• Task instructions: Pull each line holding "Outport" out of the entries below.

==== Provided material

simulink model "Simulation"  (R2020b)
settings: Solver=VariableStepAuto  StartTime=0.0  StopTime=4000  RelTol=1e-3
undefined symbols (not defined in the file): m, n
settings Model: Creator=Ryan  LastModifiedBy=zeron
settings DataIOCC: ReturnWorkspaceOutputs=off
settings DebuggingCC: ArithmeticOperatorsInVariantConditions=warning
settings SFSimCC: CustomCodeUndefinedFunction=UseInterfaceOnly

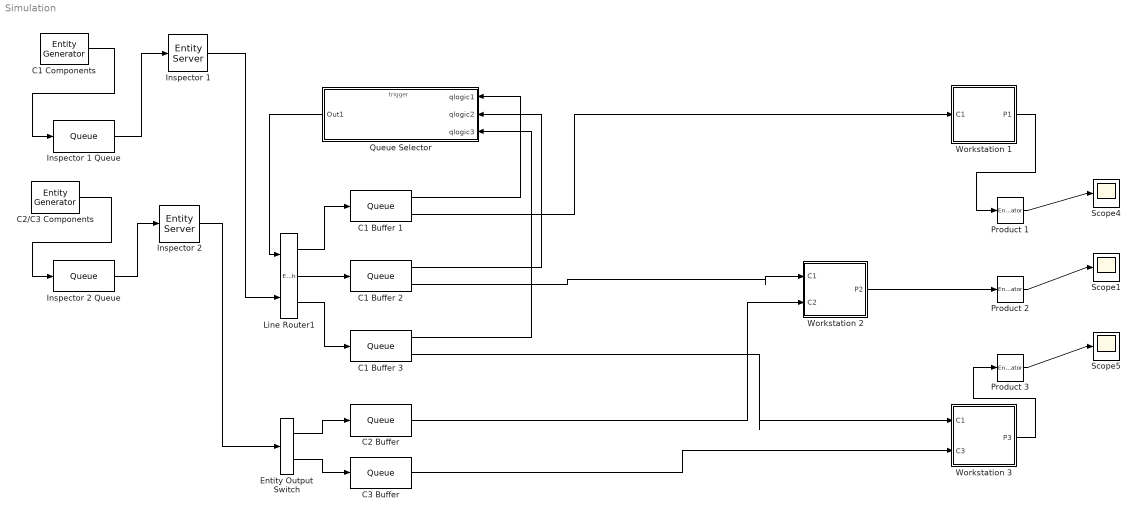
== system Simulation ==
  C1 Buffer 1 : Queue  InputPortMessageModes=m  OutputPortMessageModes=n,m  Capacity=2  NumberEntitiesInBlock=on
      settings: OutputPortMap=o1,o5
  C1 Buffer 2 : Queue  InputPortMessageModes=m  OutputPortMessageModes=n,m  Capacity=2  NumberEntitiesInBlock=on
      settings: OutputPortMap=o1,o5
  C1 Buffer 3 : Queue  InputPortMessageModes=m  OutputPortMessageModes=n,m  Capacity=2  NumberEntitiesInBlock=on
      settings: OutputPortMap=o1,o5
  C1 Components : EntityGenerator  OutputPortMessageModes=m  Period=0  AttributeName=entityType|outputPort  AttributeInitialValue=1|1  EntityType=Structured  EntityTypeName=Entity
  C2 Buffer : Queue  InputPortMessageModes=m  OutputPortMessageModes=m  Capacity=2
  C2/C3 Components : EntityGenerator  OutputPortMessageModes=m  Period=0  GenerateAction=|  AttributeName=entityType|outputPort  AttributeInitialValue=1|1  EntityType=Structured  EntityTypeName=Entity
      | % Generate a random entity type corresponding
      | % To the component type
      | entity.entityType = randi([2, 3])
      | 
      | % Define the output port
      | switch entity.entityType
      |     case 2
      |         entity.outputPort = 1
      |     case 3
      |         entity.outputPort = 2
      |     otherwise
      |         error('Invalid entity type')
      | end
  C3 Buffer : Queue  InputPortMessageModes=m  OutputPortMessageModes=m  Capacity=2
  Entity Output Switch : EntityOutputSwitch  InputPortMessageModes=m  OutputPortMessageModes=m,m  SwitchingCriterion=From attribute  SwitchAttributeName=outputPort
  Inspector 1 : EntityServer  InputPortMessageModes=m  OutputPortMessageModes=m  Capacity=1  ServiceTimeSource=MATLAB action  ServiceTimeAction=dt = wblrnd(10.725, 1.096);  EntryAction=|
      | % Entity will select the shortest queue
      | queuelogic();
  Inspector 1 Queue : Queue  InputPortMessageModes=m  OutputPortMessageModes=m
  "Inspector 2 " : EntityServer  InputPortMessageModes=m  OutputPortMessageModes=m  Capacity=1  ServiceTimeSource=MATLAB action  ServiceTimeAction=|
      | % Depending on the type of entity
      | % Generate the appropriate service time
      | switch entity.entityType
      |     case 2
      |         dt = wblrnd(16.0876, 1.09601);
      |     case 3
      |         dt = exprnd(20.6328);
      |     otherwise
      |         dt = -1
      | end
  Inspector 2 Queue : Queue  InputPortMessageModes=m  OutputPortMessageModes=m
  Line Router1 : EntityOutputSwitch  InputPortMessageModes=m,m  OutputPortMessageModes=m,m,m  NumberOutputPorts=3  SwitchingCriterion=From control port  SwitchAttributeName=QueuePath
      settings: InputPortMap=u0,u1  OutputPortMap=o0,o1,o2
  Product 1 : EntityTerminator  InputPortMessageModes=m  NumberEntitiesArrived=on
      settings: OutputPortMap=o0
  Product 2 : EntityTerminator  InputPortMessageModes=m  NumberEntitiesArrived=on
      settings: OutputPortMap=o0
  Product 3 : EntityTerminator  InputPortMessageModes=m  NumberEntitiesArrived=on
      settings: OutputPortMap=o0
  Queue Selector : Subsystem  TreatAsAtomicUnit=on
  Scope1 : Scope
  Scope4 : Scope
  Scope5 : Scope
  "Workstation 1 " : Subsystem
  Workstation 2 : Subsystem
  Workstation 3 : Subsystem
  wires:
  C1 Components/1 -> Inspector 1 Queue/1
  Inspector 1 Queue/1 -> Inspector 1/1
  C1 Buffer 1/1 -> Queue Selector/1(qlogic1)
  C1 Buffer 2/1 -> Queue Selector/2(qlogic2)
  C1 Buffer 3/1 -> Queue Selector/3(qlogic3)
  Inspector 1/1 -> Line Router1/2
  Queue Selector/1(Out1) -> Line Router1/1
  Line Router1/1 -> C1 Buffer 1/1
  Line Router1/2 -> C1 Buffer 2/1
  Line Router1/3 -> C1 Buffer 3/1
  C2/C3 Components/1 -> Inspector 2 Queue/1
  Inspector 2 Queue/1 -> "Inspector 2 "/1
  "Inspector 2 "/1 -> Entity Output Switch/1
  Entity Output Switch/1 -> C2 Buffer/1
  Entity Output Switch/2 -> C3 Buffer/1
  Product 1/1 -> Scope4/1
  C1 Buffer 1/2 -> "Workstation 1 "/1(C1)
  "Workstation 1 "/1(P1) -> Product 1/1
  C1 Buffer 2/2 -> Workstation 2/1(C1)
  C2 Buffer/1 -> Workstation 2/2(C2)
  Workstation 2/1(P2) -> Product 2/1
  C1 Buffer 3/2 -> Workstation 3/1(C1)
  C3 Buffer/1 -> Workstation 3/2(C3)
  Workstation 3/1(P3) -> Product 3/1
  Product 3/1 -> Scope5/1
  Product 2/1 -> Scope1/1

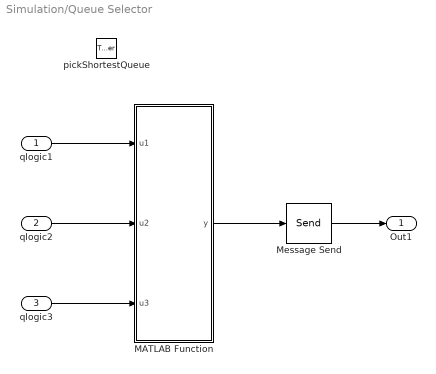
== system Simulation/Queue Selector ==
  qlogic1 : Inport
  qlogic2 : Inport  Port=2
  qlogic3 : Inport  Port=3
  pickShortestQueue : TriggerPort  TriggerType=function-call  IsSimulinkFunction=on  FunctionName=queuelogic  FunctionVisibility=scoped  VariantControl=Variant
  MATLAB Function : MATLAB Function  TreatAsAtomicUnit=on
  Message Send : Send  OutputPortMessageModes=m
  Out1 : Outport  VectorParamsAs1DForOutWhenUnconnected=off
  wires:
  qlogic1/1 -> MATLAB Function/1(u1)
  qlogic2/1 -> MATLAB Function/2(u2)
  qlogic3/1 -> MATLAB Function/3(u3)
  MATLAB Function/1(y) -> Message Send/1
  Message Send/1 -> Out1/1

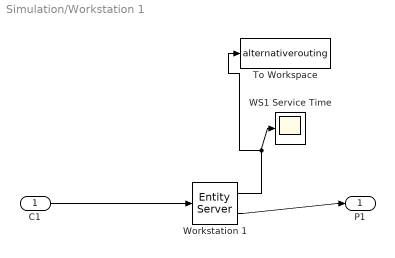
== system Simulation/Workstation 1  ==
  C1 : Inport
  To Workspace : ToWorkspace  VariableName=alternativerouting  SampleTime=-1
  WS1 Service Time : Scope
  Workstation 1 : EntityServer  InputPortMessageModes=m  OutputPortMessageModes=n,m  Capacity=1  ServiceTimeSource=MATLAB action  ServiceTimeValue=2  ServiceTimeAction=dt = exprnd(4.60442);  AverageWait=on
      settings: OutputPortMap=o4,o9
  P1 : Outport  VectorParamsAs1DForOutWhenUnconnected=off
  wires:
  Workstation 1/2 -> P1/1
  C1/1 -> Workstation 1/1
  Workstation 1/1 -> To Workspace/1, WS1 Service Time/1

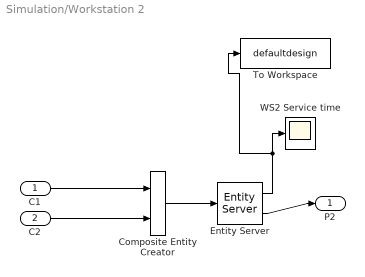
== system Simulation/Workstation 2 ==
  C1 : Inport
  C2 : Inport  Port=2
  Composite Entity Creator : CompositeEntityCreator  InputPortMessageModes=m,m  OutputPortMessageModes=m  EntityTypeName=Combined
      settings: InputPortMap=u0,u1
  Entity Server : EntityServer  InputPortMessageModes=m  OutputPortMessageModes=n,m  Capacity=1  ServiceTimeSource=MATLAB action  ServiceTimeValue=20  ServiceTimeAction=dt = wblrnd(10.6815, 0.922808);  AverageWait=on
      settings: OutputPortMap=o4,o9
  To Workspace : ToWorkspace  VariableName=defaultdesign  SampleTime=-1
  "WS2 Service time " : Scope
  P2 : Outport  VectorParamsAs1DForOutWhenUnconnected=off
  wires:
  C2/1 -> Composite Entity Creator/2
  Composite Entity Creator/1 -> Entity Server/1
  Entity Server/2 -> P2/1
  C1/1 -> Composite Entity Creator/1
  Entity Server/1 -> "WS2 Service time "/1, To Workspace/1

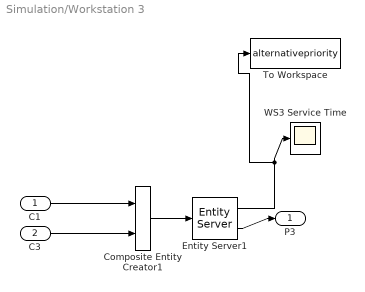
== system Simulation/Workstation 3 ==
  C1 : Inport
  C3 : Inport  Port=2
  Composite Entity Creator1 : CompositeEntityCreator  InputPortMessageModes=m,m  OutputPortMessageModes=m  EntityTypeName=Combined
      settings: InputPortMap=u0,u1
  Entity Server1 : EntityServer  InputPortMessageModes=m  OutputPortMessageModes=n,m  Capacity=1  ServiceTimeSource=MATLAB action  ServiceTimeValue=20  ServiceTimeAction=dt = exprnd(8.79558);  AverageWait=on
      settings: OutputPortMap=o4,o9
  To Workspace : ToWorkspace  VariableName=alternativepriority  SampleTime=-1
  WS3 Service Time : Scope
  P3 : Outport  VectorParamsAs1DForOutWhenUnconnected=off
  wires:
  Entity Server1/2 -> P3/1
  C3/1 -> Composite Entity Creator1/2
  Composite Entity Creator1/1 -> Entity Server1/1
  C1/1 -> Composite Entity Creator1/1
  Entity Server1/1 -> To Workspace/1, WS3 Service Time/1

== matlab function Simulation/Queue Selector/MATLAB Function ==
  data: u1 input; y output; u2 input; u3 input
function y = fcn(u1, u2, u3)
%#codegen

% Identify which input index is the smallest
[~,y] = min([u1 u2 u3]);

========

• Your solution:
  Out1 : Outport  VectorParamsAs1DForOutWhenUnconnected=off
  P1 : Outport  VectorParamsAs1DForOutWhenUnconnected=off
  P2 : Outport  VectorParamsAs1DForOutWhenUnconnected=off
  P3 : Outport  VectorParamsAs1DForOutWhenUnconnected=off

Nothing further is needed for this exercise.